-- RECORDS PROVIDED follows --

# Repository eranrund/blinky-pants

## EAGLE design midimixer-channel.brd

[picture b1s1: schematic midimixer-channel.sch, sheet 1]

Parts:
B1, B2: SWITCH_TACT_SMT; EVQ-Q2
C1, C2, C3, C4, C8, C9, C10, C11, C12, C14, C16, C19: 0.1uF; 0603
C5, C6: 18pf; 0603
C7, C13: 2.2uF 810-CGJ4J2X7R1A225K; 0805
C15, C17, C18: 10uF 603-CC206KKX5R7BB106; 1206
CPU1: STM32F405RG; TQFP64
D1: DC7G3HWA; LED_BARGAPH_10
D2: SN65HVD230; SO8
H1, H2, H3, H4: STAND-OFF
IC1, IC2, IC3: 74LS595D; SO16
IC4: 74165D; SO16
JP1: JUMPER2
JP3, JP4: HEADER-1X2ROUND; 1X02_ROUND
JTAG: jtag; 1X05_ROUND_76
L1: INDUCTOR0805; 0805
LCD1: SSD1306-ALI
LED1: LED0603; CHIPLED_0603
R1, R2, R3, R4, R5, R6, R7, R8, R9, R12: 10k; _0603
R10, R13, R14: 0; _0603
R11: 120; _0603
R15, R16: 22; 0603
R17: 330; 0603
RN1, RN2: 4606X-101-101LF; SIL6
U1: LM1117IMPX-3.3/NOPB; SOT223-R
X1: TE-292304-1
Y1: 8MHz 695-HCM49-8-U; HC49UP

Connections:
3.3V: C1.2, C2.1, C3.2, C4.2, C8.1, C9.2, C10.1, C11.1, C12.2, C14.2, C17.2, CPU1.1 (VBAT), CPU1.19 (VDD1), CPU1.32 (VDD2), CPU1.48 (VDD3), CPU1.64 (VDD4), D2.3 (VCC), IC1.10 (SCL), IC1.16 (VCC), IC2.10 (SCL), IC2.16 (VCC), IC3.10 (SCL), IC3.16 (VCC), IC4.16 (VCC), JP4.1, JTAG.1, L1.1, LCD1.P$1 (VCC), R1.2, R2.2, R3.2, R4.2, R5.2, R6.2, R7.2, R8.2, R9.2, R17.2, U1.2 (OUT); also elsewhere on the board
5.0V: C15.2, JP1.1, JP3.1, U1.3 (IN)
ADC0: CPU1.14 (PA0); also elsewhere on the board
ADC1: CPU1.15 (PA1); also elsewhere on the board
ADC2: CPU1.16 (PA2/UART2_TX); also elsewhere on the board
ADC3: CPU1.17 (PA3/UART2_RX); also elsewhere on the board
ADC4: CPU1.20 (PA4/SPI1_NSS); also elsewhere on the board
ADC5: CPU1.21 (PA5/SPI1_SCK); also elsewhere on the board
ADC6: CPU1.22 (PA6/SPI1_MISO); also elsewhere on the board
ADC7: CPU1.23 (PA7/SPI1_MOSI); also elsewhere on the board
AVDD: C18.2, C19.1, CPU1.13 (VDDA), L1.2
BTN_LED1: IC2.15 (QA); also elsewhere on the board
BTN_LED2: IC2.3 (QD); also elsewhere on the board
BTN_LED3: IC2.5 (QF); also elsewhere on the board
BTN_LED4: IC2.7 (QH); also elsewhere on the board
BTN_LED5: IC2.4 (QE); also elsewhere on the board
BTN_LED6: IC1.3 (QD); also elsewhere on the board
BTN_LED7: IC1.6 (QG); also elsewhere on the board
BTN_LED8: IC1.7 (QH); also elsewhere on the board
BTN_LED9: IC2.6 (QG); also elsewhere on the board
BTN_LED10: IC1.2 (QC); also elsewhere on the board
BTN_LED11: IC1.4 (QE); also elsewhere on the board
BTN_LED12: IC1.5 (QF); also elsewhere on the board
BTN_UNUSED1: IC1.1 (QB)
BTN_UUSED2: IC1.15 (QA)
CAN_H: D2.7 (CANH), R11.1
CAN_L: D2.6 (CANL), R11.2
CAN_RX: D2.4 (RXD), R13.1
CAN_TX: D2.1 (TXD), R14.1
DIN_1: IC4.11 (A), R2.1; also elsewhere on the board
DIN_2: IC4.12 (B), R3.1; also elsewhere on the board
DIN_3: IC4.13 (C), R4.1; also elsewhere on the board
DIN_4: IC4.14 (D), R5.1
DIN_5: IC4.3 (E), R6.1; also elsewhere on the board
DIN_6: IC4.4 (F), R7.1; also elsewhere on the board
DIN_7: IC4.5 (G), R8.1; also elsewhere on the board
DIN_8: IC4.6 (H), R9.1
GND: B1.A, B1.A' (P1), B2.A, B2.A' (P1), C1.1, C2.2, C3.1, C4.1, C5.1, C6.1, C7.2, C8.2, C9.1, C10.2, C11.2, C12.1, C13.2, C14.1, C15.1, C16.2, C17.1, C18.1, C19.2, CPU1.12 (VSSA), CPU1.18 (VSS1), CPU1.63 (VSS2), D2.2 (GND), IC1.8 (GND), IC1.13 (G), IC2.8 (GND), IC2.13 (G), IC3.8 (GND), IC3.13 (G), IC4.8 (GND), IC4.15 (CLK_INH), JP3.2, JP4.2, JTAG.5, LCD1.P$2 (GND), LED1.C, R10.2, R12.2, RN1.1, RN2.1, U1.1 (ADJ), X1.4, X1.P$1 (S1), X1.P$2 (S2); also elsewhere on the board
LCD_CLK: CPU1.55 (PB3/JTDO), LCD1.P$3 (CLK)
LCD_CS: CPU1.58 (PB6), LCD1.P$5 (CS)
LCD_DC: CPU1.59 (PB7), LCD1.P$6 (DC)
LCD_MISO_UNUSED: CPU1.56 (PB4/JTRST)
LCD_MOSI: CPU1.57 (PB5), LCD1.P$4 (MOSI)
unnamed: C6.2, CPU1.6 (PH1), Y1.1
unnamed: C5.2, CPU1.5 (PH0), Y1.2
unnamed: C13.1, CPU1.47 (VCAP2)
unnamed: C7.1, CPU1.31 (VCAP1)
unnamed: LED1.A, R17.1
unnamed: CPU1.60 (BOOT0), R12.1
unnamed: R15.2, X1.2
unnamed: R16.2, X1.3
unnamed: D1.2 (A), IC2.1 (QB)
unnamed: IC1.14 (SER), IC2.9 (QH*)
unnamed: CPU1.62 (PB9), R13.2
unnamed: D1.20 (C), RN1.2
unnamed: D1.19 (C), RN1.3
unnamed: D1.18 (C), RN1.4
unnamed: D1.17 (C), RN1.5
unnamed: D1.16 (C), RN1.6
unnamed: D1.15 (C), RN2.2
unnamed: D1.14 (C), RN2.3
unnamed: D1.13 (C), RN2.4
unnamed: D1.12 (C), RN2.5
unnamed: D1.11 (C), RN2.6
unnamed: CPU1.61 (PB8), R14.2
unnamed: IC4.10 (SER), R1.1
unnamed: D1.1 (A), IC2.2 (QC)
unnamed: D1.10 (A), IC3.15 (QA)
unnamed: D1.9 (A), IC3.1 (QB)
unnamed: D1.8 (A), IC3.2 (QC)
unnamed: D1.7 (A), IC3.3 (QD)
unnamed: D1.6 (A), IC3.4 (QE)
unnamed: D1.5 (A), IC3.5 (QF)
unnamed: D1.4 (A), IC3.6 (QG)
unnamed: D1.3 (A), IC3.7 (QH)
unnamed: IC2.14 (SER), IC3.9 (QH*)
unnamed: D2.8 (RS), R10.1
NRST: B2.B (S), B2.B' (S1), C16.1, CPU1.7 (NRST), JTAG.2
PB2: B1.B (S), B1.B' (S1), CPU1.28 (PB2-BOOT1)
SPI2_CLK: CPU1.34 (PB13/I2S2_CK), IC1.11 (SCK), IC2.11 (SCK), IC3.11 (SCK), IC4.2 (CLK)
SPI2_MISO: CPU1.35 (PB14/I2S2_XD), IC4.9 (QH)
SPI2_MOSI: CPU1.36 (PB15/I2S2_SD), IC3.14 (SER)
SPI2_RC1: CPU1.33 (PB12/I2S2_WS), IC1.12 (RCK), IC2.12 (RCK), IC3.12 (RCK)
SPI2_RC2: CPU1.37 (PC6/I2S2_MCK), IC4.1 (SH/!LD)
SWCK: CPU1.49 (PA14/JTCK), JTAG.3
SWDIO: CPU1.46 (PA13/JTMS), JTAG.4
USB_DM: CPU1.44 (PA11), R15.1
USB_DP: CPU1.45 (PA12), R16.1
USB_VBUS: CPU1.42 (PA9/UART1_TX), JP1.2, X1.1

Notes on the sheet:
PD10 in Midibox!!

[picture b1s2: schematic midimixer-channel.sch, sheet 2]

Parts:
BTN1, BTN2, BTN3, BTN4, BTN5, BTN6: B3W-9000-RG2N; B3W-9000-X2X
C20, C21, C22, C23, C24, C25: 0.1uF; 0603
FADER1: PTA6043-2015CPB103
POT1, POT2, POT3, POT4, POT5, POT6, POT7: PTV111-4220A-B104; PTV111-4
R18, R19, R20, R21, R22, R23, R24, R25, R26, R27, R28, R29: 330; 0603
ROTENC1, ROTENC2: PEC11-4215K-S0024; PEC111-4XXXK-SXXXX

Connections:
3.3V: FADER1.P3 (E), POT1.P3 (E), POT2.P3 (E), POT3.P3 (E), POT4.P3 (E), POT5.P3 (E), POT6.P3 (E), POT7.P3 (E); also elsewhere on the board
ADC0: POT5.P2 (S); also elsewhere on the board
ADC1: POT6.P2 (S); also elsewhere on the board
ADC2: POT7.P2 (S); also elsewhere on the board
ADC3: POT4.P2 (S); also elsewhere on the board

-- RECORDS PROVIDED concluded --

## EXERCISE
Your output is to be the lines of the listing, exact and complete, starting at the first and ending with the line that contains "LCD1: SSD1306-ALI".

## SOLUTION TO THIS PROBLEM
# Repository eranrund/blinky-pants

## EAGLE design midimixer-channel.brd

[picture b1s1: schematic midimixer-channel.sch, sheet 1]

Parts:
B1, B2: SWITCH_TACT_SMT; EVQ-Q2
C1, C2, C3, C4, C8, C9, C10, C11, C12, C14, C16, C19: 0.1uF; 0603
C5, C6: 18pf; 0603
C7, C13: 2.2uF 810-CGJ4J2X7R1A225K; 0805
C15, C17, C18: 10uF 603-CC206KKX5R7BB106; 1206
CPU1: STM32F405RG; TQFP64
D1: DC7G3HWA; LED_BARGAPH_10
D2: SN65HVD230; SO8
H1, H2, H3, H4: STAND-OFF
IC1, IC2, IC3: 74LS595D; SO16
IC4: 74165D; SO16
JP1: JUMPER2
JP3, JP4: HEADER-1X2ROUND; 1X02_ROUND
JTAG: jtag; 1X05_ROUND_76
L1: INDUCTOR0805; 0805
LCD1: SSD1306-ALI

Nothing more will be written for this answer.